改造人間の幕間
《周辺人物録》
【アスエリオ・
リーヴァンロッド】

魔局の改造人間。父さんも母さんも姉さんも改造人間で、魔局長曰く“純粋培養”。他の仲間たちとは違って、外の世界を知らない。作戦で行くか、おはなしで聞くか、ぐらいしか
魔銃ヴィオレ&魔銃ユグノア。二丁の銃に自分の魔力から生成された弾丸を込めて放つ、特殊な銃使い。普通の弾丸も込められるけれどそもそも、拳銃というものが一般化していない。あれは機械の国、イグノシアの試作品的な技術だっけ
私はその時の必要に応じて様々な弾丸を生成することが出来る。攻撃に補助に妨害に回復。得意なのは攻撃と妨害だけれど、島に来た時に私が持ち込んでいたテントは補助だった
その弾丸は、刻紋弾と呼ばれている
銃がなければ意味のない異能。その代償は寿命。デイズほど短命ではない自覚はあるけれど、長生き出来ないことは知っている。私は少しずつ命を削りながら戦ってきていた。

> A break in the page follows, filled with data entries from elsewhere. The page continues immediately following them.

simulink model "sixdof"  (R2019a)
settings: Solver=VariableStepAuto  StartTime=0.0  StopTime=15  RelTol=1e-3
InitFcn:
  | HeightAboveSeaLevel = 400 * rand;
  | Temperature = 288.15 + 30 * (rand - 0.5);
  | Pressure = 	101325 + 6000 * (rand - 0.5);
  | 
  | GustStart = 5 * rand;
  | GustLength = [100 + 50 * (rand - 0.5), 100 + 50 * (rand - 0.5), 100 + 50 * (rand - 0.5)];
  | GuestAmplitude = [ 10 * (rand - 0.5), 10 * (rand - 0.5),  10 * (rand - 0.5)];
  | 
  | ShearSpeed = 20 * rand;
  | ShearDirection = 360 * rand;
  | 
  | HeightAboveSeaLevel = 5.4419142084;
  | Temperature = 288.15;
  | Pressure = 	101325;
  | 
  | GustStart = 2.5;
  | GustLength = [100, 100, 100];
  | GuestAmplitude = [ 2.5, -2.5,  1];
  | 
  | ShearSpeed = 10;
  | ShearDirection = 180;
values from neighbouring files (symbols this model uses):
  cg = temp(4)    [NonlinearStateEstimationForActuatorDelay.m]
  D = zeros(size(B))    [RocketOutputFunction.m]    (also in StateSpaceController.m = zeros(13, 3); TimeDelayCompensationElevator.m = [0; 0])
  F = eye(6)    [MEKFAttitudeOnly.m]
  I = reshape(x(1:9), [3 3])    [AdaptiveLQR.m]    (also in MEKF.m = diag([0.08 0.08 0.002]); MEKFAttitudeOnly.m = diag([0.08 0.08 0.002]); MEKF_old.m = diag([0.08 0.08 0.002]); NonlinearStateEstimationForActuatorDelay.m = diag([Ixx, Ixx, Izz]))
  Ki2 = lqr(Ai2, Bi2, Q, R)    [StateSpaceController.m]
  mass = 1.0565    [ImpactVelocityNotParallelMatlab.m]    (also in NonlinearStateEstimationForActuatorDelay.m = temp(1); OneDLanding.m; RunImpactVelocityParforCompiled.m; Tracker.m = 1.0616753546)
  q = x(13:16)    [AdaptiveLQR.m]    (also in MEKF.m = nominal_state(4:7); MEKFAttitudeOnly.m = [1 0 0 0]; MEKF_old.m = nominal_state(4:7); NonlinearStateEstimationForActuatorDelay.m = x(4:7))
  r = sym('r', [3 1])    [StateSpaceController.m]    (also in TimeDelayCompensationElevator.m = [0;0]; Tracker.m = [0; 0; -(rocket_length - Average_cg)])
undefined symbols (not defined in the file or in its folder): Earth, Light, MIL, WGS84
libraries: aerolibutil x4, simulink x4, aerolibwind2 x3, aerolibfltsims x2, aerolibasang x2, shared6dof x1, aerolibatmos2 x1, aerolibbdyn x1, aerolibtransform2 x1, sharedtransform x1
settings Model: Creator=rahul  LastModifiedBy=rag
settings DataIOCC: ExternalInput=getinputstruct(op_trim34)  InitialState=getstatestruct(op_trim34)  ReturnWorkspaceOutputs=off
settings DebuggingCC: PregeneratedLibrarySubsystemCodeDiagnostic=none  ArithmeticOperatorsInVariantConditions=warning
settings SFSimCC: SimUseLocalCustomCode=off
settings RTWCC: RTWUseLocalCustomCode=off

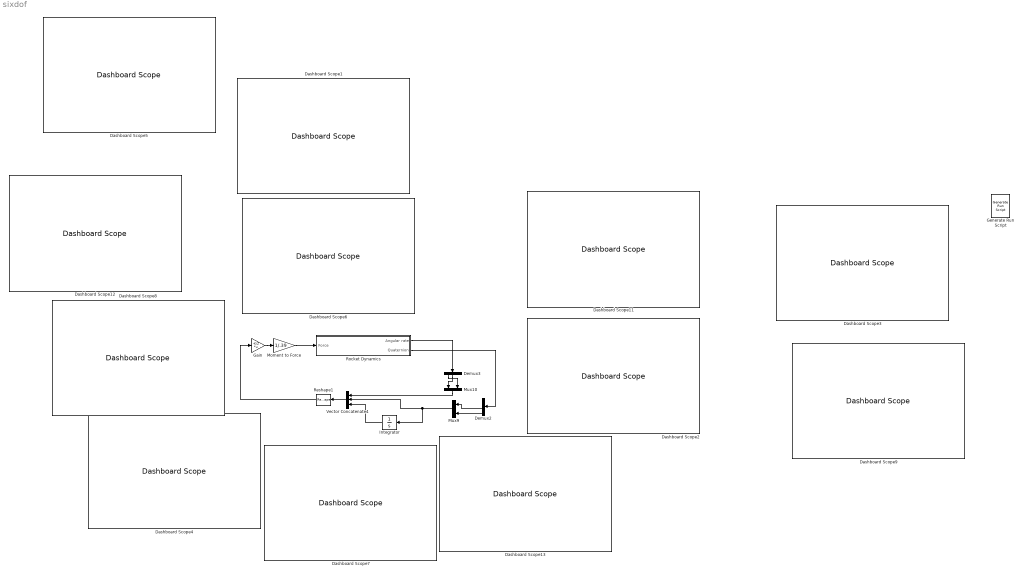
== system sixdof ==
  Dashboard Scope{1..9,11..13} (12 alike) : DashboardScope
  Demux2 : Demux
  Demux3 : Demux  Outputs=3
  Gain : Gain  Gain=-Ki2  Multiplication=Matrix(K*u)
  Generate Run Script : aerolibfltsims/Generate Run Script  Architecture=Win64  dataFlow=Send  GeometryModelName=c172p  AirportId=KSFO  RunwayId=10L  InitialAltitude=13  InitialHeading=113  OffsetDistance=4.72  OffsetAzimuth=0  InstallScenery=off  DisableShaders=off  OriginAddress=127.0.0.1  DestinationPort=5502  OriginPort=5505  LocalAddress=127.0.0.1  OutputFileName=runfg.bat  FlightGearBaseDirectory=C:\Program Files\FlightGear 2018.2.2
  Integrator : Integrator
  Moment to Force : Gain  Gain=1/.39
  Mux10 : Mux  Inputs=2
  Mux9 : Mux  Inputs=2
  Reshape1 : Reshape  OutputDimensionality=Column vector (2-D)
  Rocket Dynamics : Subsystem
  Vector Concatenate4 : Concatenate  NumInputs=3
  wires:
  Integrator/1 -> Vector Concatenate4/3
  Reshape1/1 -> Gain/1
  Demux2/3 -> Mux9/1
  Mux9/1 -> Integrator/1, Vector Concatenate4/2
  Vector Concatenate4/1 -> Reshape1/1
  Mux10/1 -> Vector Concatenate4/1
  Rocket Dynamics/1(Angular rate) -> Demux3/1
  Rocket Dynamics/2(Quaternion) -> Demux2/1
  Gain/1 -> Moment to Force/1
  Demux2/4 -> Mux9/2
  Demux3/2 -> Mux10/1
  Demux3/1 -> Mux10/2
  Moment to Force/1 -> Rocket Dynamics/1(Force)

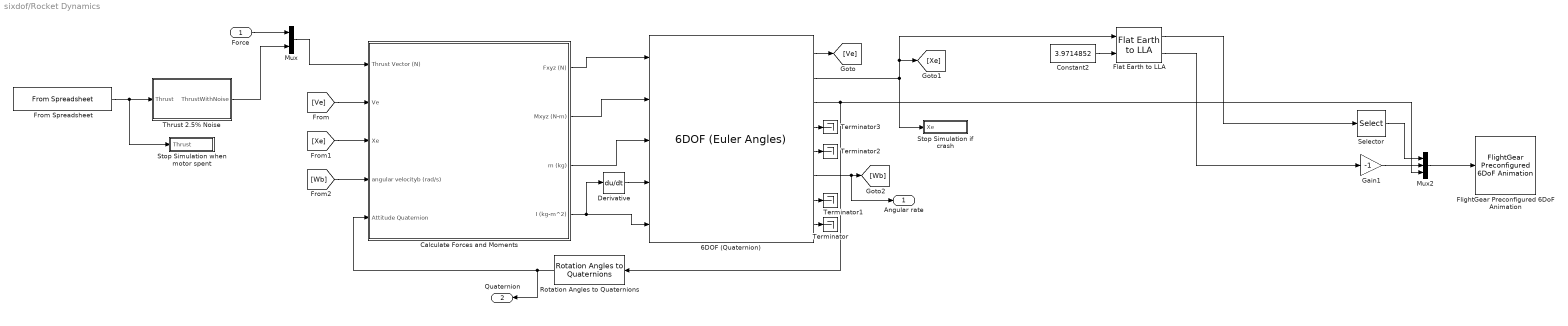
== system sixdof/Rocket Dynamics ==
  Force : Inport  PortDimensions=2
  6DOF (Quaternion) : shared6dof/6DOF (Euler Angles)  units=Metric (MKS)  mtype=Custom Variable  rep=Quaternion  xme_0=[0 0 0]  Vm_0=[0 0 0]  eul_0=[0 0 0]  pm_0=[0 0 0]  mass_0=1.0  mass_e=0.5  mass_f=2.0  inertia=eye(3)  inertia_e=eye(3)  inertia_f=2*eye(3)  k_quat=1.0  vre_flag=off  abi_flag=off  aMode=0  xme_statename=''  Vm_statename=''  eul_statename=''  quat_statename=''  pm_statename=''  mass_statename=''
      settings: SourceProductBaseCode=AE
  Calculate Forces and Moments : Subsystem
  Constant2 : Constant  Value=3.9714852
  Derivative : Derivative
  Flat Earth to LLA : aerolibtransform2/Flat Earth to LLA  units=Metric (MKS)  ptype=Earth (WGS84)  F=1/298.257223563  R=6378137  LL0=[21.318358277648 -157.9232805920725]  psi=052
  FlightGear Preconfigured 6DoF Animation : aerolibfltsims/FlightGear Preconfigured 6DoF Animation  xFlightGearVersion=v2018.2  DestinationIpAddress=127.0.0.1  DestinationPort=5502  SampleTime=1/30  packetVersion=24
      settings: SourceProductName=Aerospace Blockset
  From Spreadsheet : FromSpreadsheet  FileName=F10_Thrust.xls  ExtrapolationBeforeFirstDataPoint=Hold first value  ExtrapolationAfterLastDataPoint=Hold last value
  Gain1 : Gain  Gain=-1
  Mux : Mux  Inputs=2
  Mux2 : Mux  Inputs=3
  Rotation Angles to Quaternions : sharedtransform/Rotation Angles to Quaternions  rotationOrder=ZYX  aMode=aMode
      settings: SourceProductName=Aerospace Blockset  SourceProductBaseCode=AE
  Selector : Selector  InputPortWidth=2  IndexOptions=Index vector (dialog)  Indices=[2 1]  OutputSizes=1
  Stop Simulation if crash : Subsystem
  Stop Simulation when motor spent : Subsystem
  Terminator{,1..3} (4 alike) : Terminator
  Thrust 2.5% Noise : MATLAB Function  TreatAsAtomicUnit=on
  Angular rate : Outport
  Quaternion : Outport  Port=2
  wires:
  Derivative/1 -> 6DOF (Quaternion)/4
  6DOF (Quaternion)/6 -> Angular rate/1, [Wb]
  [Wb] -> Calculate Forces and Moments/4(angular velocityb (rad/s))
  Calculate Forces and Moments/3(m (kg)) -> 6DOF (Quaternion)/3
  6DOF (Quaternion)/4 -> Terminator3/1
  [Ve] -> Calculate Forces and Moments/2(Ve)
  6DOF (Quaternion)/7 -> Terminator1/1
  6DOF (Quaternion)/5 -> Terminator2/1
  Calculate Forces and Moments/1(Fxyz (N)) -> 6DOF (Quaternion)/1
  Calculate Forces and Moments/4(I (kg-m^2)) -> Derivative/1, 6DOF (Quaternion)/5
  [Xe] -> Calculate Forces and Moments/3(Xe)
  Rotation Angles to Quaternions/1 -> Quaternion/1, Calculate Forces and Moments/5(Attitude Quaternion)
  From Spreadsheet/1 -> Thrust 2.5% Noise/1(Thrust), Stop Simulation when motor spent/1(Thrust)
  6DOF (Quaternion)/1 -> [Ve]
  Calculate Forces and Moments/2(Mxyz (N-m)) -> 6DOF (Quaternion)/2
  6DOF (Quaternion)/8 -> Terminator/1
  Force/1 -> Mux/1
  Mux/1 -> Calculate Forces and Moments/1(Thrust Vector (N))
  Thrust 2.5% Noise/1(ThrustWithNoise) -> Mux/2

一度に削られる寿命はそこまで多くないけれど──塵も積もれば山となる、でしょう?
この代償は、私と魔局長しか知らない。誰にも教える気はない
◇
私は“ジェミニ”のメンバーの中で、一番、人を殺している。だってこの異能は便利すぎた。私ひとりに内密で下される作戦もあった
一度、罪なき人を殺してしまえば、もう元には戻れないとか誰かが言った。私がいつか死んで冥界に行ったのなら、心なき奴隷として、冥界でずっと働かされるのかも。少なくとも、誰も殺していないティアリーと同じところには絶対に行けない
私の手は、血で汚れすぎたんだ
何人殺したのか、
もう分からなくなっちゃった
◇
外の世界を夢見ていた。空に海に憧れていた。いつしか笑えなくなっていたけれど、本当はいっぱい笑いたかった
……この島で、少しは叶ったかな。私、確かに笑えたよ。感情を封じてただけで、殺して無くしてしまった訳では、ないもの
この青い空を見ていれば、希望を抱けるような気がする。ねぇ霧と灯台の神様セインリエス、私たちを導いてくれるでしょう?